Independent record labels, which are also often referred to as indie labels, exist well outside the mainstream music industry.
Sure, their main goals are the same as those of any major record label out there: they want to promote artists they feel are especially talented, and they want to share revenue with those artists.
But the way in which indie labels try to achieve those goals can be very distinct from how major labels might go about the same thing.
So how do independent record labels make money? What’s their strategy given the fact that they have nowhere near the same financial resources as the big record labels that we’ve all heard of before?
This article will dive into different contemporary methods by which indie labels can make money for themselves and for their artists.

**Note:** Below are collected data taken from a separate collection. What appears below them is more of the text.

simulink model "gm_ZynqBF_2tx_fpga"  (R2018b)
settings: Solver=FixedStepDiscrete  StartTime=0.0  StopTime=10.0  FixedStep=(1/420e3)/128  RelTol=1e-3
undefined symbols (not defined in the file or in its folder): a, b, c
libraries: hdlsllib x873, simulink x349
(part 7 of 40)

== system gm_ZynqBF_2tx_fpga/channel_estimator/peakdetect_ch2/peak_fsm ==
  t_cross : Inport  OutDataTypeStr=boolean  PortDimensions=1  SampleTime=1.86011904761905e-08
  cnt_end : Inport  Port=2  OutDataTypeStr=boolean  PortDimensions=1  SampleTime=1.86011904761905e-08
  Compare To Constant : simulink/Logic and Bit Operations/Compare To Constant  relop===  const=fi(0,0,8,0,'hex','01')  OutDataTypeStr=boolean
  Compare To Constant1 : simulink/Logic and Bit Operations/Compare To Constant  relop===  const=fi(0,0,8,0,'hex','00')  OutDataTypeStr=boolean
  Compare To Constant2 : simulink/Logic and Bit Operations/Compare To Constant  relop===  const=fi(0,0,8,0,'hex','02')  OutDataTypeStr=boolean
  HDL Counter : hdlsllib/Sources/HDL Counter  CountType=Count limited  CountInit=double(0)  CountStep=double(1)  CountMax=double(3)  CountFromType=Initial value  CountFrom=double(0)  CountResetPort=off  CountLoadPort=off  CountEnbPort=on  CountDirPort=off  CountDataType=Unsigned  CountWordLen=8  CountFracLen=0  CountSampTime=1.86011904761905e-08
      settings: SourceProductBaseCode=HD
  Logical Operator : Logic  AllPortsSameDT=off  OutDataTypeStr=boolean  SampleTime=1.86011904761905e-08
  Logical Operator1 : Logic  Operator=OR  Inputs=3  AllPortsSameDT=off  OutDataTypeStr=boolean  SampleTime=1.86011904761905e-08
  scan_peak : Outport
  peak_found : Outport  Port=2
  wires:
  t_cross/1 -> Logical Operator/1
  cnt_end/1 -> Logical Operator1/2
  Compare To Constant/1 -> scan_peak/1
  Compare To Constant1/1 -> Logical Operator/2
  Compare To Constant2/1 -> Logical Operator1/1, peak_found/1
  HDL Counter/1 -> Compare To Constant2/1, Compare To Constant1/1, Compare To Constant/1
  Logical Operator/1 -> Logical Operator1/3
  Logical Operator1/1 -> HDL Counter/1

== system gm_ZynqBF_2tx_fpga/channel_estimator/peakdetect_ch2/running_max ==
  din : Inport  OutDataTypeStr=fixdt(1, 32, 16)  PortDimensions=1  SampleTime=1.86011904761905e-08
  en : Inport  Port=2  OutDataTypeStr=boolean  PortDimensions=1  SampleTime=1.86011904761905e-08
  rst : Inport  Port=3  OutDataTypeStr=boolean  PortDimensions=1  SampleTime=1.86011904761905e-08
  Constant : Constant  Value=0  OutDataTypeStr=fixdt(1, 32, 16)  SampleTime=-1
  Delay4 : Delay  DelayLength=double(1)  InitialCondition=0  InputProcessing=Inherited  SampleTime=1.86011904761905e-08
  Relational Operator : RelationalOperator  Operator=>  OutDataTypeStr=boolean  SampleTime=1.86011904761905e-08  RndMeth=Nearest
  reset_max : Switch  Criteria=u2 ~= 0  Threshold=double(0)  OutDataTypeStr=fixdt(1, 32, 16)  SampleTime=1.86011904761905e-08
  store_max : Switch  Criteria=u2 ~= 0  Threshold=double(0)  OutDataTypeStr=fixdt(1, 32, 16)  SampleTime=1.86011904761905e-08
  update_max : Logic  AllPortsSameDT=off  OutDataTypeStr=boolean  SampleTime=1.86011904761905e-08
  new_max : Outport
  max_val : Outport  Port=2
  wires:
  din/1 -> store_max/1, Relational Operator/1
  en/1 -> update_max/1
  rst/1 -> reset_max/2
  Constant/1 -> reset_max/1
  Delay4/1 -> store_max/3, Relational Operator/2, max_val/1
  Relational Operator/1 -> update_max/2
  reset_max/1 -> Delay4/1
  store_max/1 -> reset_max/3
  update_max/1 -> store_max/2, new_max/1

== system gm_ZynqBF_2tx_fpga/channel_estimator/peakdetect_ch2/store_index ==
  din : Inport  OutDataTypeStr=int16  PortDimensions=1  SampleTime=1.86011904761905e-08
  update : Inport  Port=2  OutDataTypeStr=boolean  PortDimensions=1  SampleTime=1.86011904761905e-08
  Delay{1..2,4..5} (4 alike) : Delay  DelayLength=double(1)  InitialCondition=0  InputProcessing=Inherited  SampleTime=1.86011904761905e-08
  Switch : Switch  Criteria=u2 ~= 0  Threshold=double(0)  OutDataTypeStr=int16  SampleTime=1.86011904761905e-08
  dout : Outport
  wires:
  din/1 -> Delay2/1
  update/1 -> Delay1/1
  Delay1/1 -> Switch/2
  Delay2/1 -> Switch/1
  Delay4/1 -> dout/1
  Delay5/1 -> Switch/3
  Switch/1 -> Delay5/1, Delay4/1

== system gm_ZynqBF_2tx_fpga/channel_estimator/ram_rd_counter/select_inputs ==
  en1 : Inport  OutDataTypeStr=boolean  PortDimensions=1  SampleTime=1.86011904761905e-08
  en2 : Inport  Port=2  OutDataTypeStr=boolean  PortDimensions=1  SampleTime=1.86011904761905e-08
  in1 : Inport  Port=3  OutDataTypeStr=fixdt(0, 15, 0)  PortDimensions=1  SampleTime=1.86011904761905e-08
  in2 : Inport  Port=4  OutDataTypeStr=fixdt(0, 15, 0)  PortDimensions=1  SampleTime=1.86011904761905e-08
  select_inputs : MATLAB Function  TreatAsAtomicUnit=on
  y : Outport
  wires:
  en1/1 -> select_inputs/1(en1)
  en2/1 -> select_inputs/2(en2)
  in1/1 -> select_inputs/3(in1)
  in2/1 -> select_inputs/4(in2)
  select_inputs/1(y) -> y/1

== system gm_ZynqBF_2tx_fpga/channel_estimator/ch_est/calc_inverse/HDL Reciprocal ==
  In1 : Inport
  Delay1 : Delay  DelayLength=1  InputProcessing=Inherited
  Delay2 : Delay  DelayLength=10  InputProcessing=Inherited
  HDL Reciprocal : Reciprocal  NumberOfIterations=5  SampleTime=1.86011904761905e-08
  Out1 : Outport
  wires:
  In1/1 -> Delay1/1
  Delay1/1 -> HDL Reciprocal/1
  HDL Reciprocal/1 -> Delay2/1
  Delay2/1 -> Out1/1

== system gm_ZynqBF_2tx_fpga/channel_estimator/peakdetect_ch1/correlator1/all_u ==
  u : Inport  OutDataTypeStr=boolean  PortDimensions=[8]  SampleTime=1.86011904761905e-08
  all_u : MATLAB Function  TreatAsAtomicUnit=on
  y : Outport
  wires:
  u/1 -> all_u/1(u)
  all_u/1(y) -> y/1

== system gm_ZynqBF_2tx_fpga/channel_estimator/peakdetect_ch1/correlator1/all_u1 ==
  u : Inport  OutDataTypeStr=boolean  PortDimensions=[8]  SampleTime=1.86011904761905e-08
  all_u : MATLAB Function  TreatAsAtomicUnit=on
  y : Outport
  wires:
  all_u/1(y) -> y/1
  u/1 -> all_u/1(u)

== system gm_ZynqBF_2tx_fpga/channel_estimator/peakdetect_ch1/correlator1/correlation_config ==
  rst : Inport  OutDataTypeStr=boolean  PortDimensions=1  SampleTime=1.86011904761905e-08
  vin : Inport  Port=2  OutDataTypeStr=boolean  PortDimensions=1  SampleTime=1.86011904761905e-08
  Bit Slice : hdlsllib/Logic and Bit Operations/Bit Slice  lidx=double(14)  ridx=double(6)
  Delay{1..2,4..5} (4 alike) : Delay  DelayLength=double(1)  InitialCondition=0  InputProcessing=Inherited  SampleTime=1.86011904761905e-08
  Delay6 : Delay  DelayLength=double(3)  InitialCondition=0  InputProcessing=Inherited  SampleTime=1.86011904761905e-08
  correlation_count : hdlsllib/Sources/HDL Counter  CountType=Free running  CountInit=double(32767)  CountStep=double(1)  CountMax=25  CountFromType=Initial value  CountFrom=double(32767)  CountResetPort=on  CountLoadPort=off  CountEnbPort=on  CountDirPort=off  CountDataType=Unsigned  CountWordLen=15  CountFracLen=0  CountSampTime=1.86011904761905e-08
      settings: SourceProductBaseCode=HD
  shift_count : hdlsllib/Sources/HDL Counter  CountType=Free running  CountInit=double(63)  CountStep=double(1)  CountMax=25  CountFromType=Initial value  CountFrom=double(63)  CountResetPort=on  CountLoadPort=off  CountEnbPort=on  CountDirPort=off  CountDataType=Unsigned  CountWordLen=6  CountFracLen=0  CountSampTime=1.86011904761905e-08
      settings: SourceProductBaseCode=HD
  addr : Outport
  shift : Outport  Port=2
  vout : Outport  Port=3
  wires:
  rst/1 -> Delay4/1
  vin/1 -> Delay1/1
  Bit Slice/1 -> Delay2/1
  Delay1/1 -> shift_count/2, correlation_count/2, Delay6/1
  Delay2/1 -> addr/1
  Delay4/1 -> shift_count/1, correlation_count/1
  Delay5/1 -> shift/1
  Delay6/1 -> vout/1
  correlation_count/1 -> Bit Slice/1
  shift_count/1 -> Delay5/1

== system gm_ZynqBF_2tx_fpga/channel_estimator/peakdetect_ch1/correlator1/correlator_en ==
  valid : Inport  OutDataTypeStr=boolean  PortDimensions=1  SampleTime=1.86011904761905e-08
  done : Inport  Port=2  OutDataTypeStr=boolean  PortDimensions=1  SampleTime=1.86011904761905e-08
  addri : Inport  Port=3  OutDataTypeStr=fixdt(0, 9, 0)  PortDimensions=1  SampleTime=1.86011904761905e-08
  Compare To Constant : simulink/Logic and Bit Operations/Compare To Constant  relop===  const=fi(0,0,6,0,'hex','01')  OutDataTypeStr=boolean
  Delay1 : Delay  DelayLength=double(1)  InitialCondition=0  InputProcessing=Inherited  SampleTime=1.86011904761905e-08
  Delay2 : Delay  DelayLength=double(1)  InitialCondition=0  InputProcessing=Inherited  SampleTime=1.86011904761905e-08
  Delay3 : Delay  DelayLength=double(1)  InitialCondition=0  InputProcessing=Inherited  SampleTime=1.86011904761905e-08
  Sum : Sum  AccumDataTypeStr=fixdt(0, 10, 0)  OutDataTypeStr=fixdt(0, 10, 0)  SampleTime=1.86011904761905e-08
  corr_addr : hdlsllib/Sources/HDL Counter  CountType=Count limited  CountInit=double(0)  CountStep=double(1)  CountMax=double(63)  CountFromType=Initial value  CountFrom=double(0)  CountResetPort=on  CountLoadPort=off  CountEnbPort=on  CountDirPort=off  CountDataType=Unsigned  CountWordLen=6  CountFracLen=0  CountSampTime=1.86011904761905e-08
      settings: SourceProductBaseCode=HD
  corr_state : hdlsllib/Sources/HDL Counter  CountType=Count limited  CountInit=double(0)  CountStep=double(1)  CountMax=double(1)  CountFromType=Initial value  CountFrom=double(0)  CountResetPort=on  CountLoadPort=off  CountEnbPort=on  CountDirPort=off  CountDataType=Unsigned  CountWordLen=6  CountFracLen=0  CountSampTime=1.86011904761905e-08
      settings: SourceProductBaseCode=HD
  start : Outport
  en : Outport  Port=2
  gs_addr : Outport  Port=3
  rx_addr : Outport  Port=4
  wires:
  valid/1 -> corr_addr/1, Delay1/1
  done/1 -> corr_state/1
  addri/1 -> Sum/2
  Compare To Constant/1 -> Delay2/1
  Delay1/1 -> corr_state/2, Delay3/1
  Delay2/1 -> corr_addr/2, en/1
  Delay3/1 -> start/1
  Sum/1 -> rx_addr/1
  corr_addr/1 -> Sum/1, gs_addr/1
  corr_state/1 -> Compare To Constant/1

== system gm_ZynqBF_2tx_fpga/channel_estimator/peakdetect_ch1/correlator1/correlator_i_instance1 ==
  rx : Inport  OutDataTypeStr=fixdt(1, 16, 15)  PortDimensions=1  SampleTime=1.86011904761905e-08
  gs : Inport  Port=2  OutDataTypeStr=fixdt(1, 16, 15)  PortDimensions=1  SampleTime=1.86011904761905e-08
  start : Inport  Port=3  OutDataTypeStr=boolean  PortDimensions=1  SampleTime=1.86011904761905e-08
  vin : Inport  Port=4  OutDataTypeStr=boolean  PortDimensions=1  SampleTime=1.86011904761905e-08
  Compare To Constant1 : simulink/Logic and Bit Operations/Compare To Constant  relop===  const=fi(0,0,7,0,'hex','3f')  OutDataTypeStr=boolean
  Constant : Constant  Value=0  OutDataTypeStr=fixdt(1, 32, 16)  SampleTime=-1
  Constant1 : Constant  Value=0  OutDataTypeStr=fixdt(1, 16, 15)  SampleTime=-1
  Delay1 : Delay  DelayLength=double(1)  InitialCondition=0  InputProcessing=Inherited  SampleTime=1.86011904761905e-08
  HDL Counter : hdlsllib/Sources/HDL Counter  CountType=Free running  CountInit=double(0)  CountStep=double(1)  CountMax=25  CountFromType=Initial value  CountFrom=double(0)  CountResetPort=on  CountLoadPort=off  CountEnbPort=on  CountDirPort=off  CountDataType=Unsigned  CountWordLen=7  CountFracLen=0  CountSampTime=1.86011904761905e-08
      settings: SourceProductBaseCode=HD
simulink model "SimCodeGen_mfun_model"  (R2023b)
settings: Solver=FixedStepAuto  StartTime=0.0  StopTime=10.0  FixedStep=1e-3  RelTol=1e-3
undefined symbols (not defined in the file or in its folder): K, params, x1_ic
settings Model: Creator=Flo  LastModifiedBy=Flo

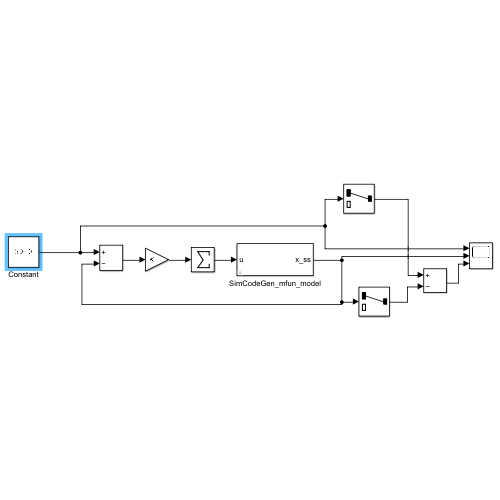
[thumbnail: Simulink's stored preview of the top-level diagram]
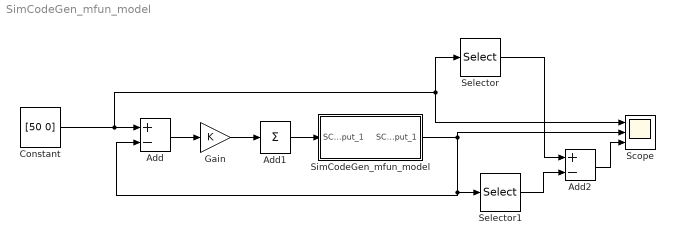
== system SimCodeGen_mfun_model ==
  Add : Sum  Inputs=+-
  Add1 : Sum  Inputs=+
  Add2 : Sum  Inputs=+-
  Constant : Constant  Value=[50 0]  VectorParams1D=off  SampleTime=-1
  Gain : Gain  Gain=K
  Scope : Scope  NumInputPorts=3
  Selector : Selector  InputPortWidth=2  IndexOptions=Index vector (dialog)  Indices=[1]  OutputSizes=1
  Selector1 : Selector  InputPortWidth=2  IndexOptions=Index vector (dialog)  Indices=[1]  OutputSizes=1
  SimCodeGen_mfun_model : Subsystem  mask{SC_param_0=params, SC_x1_ic=x1_ic}
      mask prompts: SC_param_0 "params"
      mask Display:
      | port_label('input', 1, 'u');
      | port_label('output', 1, 'x_ss');
  wires:
  SimCodeGen_mfun_model/1(SC_output_1) -> Add/2, Selector1/1, Scope/2
  Add1/1 -> SimCodeGen_mfun_model/1(SC_input_1)
  Gain/1 -> Add1/1
  Add/1 -> Gain/1
  Constant/1 -> Selector/1, Scope/1, Add/1
  Selector/1 -> Add2/1
  Selector1/1 -> Add2/2
  Add2/1 -> Scope/3

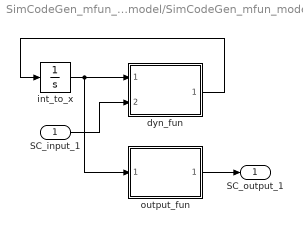
== system SimCodeGen_mfun_model/SimCodeGen_mfun_model ==
  SC_input_1 : Inport
  dyn_fun : MATLAB Function  TreatAsAtomicUnit=on
  int_to_x : Integrator  InitialCondition=[SC_x1_ic]
  output_fun : MATLAB Function  TreatAsAtomicUnit=on
  SC_output_1 : Outport
  wires:
  dyn_fun/1(SC_state_dot) -> int_to_x/1
  int_to_x/1 -> dyn_fun/1(SC_state), output_fun/1(SC_state)
  SC_input_1/1 -> dyn_fun/2(SC_input_0)
  output_fun/1(SC_output_0) -> SC_output_1/1

== matlab function SimCodeGen_mfun_model/dyn_fun ==
  data: SC_state input size=[2]; SC_state_dot output size=[2]; SC_input_0 input size=[1]; SC_param_0 parameter
function SC_state_dot  = dyn_fun(SC_state, SC_input_0, SC_param_0)
    SC_state_dot = zeros(2, 1);
    SC_state_x_0 = SC_state(1:2);
    SC_eval = zeros(2,1);
    SC_eval(1) = SC_state_x_0(2);
    t1 = SC_param_0(1);
    t5 = conj(SC_param_0(4) * t1);
    SC_eval(2) = -(SC_eval(1) * SC_param_0(3) + SC_param_0(2) * SC_state_x_0(1) - t5 - SC_input_0(1)) / t1;
    SC_state_dot(1:2) = SC_eval(1:2);
end

== matlab function SimCodeGen_mfun_model/output_fun ==
  data: SC_state input size=[2]; SC_output_0 output size=[2]; SC_param_0 parameter size=[4]
function SC_output_0  = y_fun(SC_state, SC_param_0)
    SC_output_0 = zeros(2,1);
    SC_state_x_0 = SC_state(1:2);
    SC_output_0(1) = SC_state_x_0(1);
    SC_output_0(2) = SC_state_x_0(2);
end

Throughout all of these methods, creativity really is the key. Without massive amounts of money, indie labels need to be more creative and more personal to develop larger audiences and monetize those audiences, all while bringing in new artists to help stay current.
We all know that physical media in general, but especially with regards to music, physical copies of albums and singles are basically a thing of the distant past.
Yes, vinyl and even cassette tapes are still a viable option for certain artists, but that’s something we’ll be talking about later.
The modern-day alternative to monetizing physical music sales is earning money from streaming listens of music from the label’s artists.
Music streaming services like Apple Music, Spotify, and Pandora are great virtual spaces where users can find new music or just choose specific songs from their favorite artists to listen to.
Even professional music critics take advantage of the ease of use that streaming services offer.
Long story short, a music label and each associated artist can make money based on how many people are listening to their music on each streaming service.
Now, the payout per listen tends to be incredibly small, often a small fraction of a penny per listen. But if multiple songs are getting thousands or even millions of listens, that small payout can really add up.
Even if artists from an indie label don’t stand to make too much money from these services, this is simply a revenue and promotional stream that can’t be ignored.
Whereas labels of the past might need to pay a radio station to get air time for a new track, music streaming services today typically allow labels to post music via any number of distribution services, some of which charge a relatively small annual fee in order to post an unlimited amount of new music to all major streaming services.
Live performances can be a great way for small, independent record labels to make some money, even if only indirectly .
This is one revenue stream that tends to vary quite a bit depending on the label, the artist, and the venue in question.
In many cases, when a band books a gig at a venue, the revenue from ticket sales will end up getting split between the artist and the venue, with the venue often taking a larger cut when it comes to smaller artists.
But some small labels have deals with their signed artists that means the label itself will also get a small cut of the revenue from live shows.
Again, even if that revenue for the label is relatively small, an artist might tour extensively, doing dozens of shows a year, and as a result, the label can make some significant money this way.
The label could also make additional money from the sale of artist merchandise at these performances, which is a great transition into our next section.
Chances are, if there’s an artist out there that you’re aware of, they almost definitely have merchandise for sale, whether it’s available at their shows or on their website or a third-party site.
Why? Well, in almost every case, the sale of merch can go a long way toward making some money for the artist and the label they belong to.
Like many of the revenue streams we’ve discussed so far, this is yet another one where there will indeed be a split between the artist/label and the company that actually manufactures the merchandise, but with merch, artists and labels can get a much larger piece of the pie.
This makes the manufacture and sale of merchandise a win-win for the artist and the label.
Let’s say an artist has a big fan. That fan probably isn’t going to donate money directly to the artist’s label, and they might not even be aware of the artist’s label at all.
Even if that same fan listens to the artist’s music on Spotify all the time, that still won’t give the artist of the label very much money, all told.
But if that fan purchases some merch at a show or online, the artist and the label get a decent payout right then and there, and even more importantly, that merch will almost definitely become its own kind of promotional material.
This is exactly why so many bands and artists try to sell t-shirts and other wearable merch. Fans will want to wear these items out in public to show their support for a certain artist, especially if they like the design of that merch.
When that fan wears the merch during the course of their daily life, there’s a good chance other people will see it, people who don’t already know the artist or the label.
This is marketing. This is promotion, albeit in a pretty simple form. Smaller artists and bands often can’t afford to take out traditional ads on billboards or online, but creating merch solves this problem.
In a way, an artist’s fans might end up doing some free advertising for them, and when the artists win, their label wins, too.
A brand buyout
Very briefly, we’ll touch on one last way that independent labels can make money, and that is to no longer be an indie label.
When an independent label gets bought out by a larger label/company, that can mean a huge one-time payout, and for some labels, this is the ultimate goal.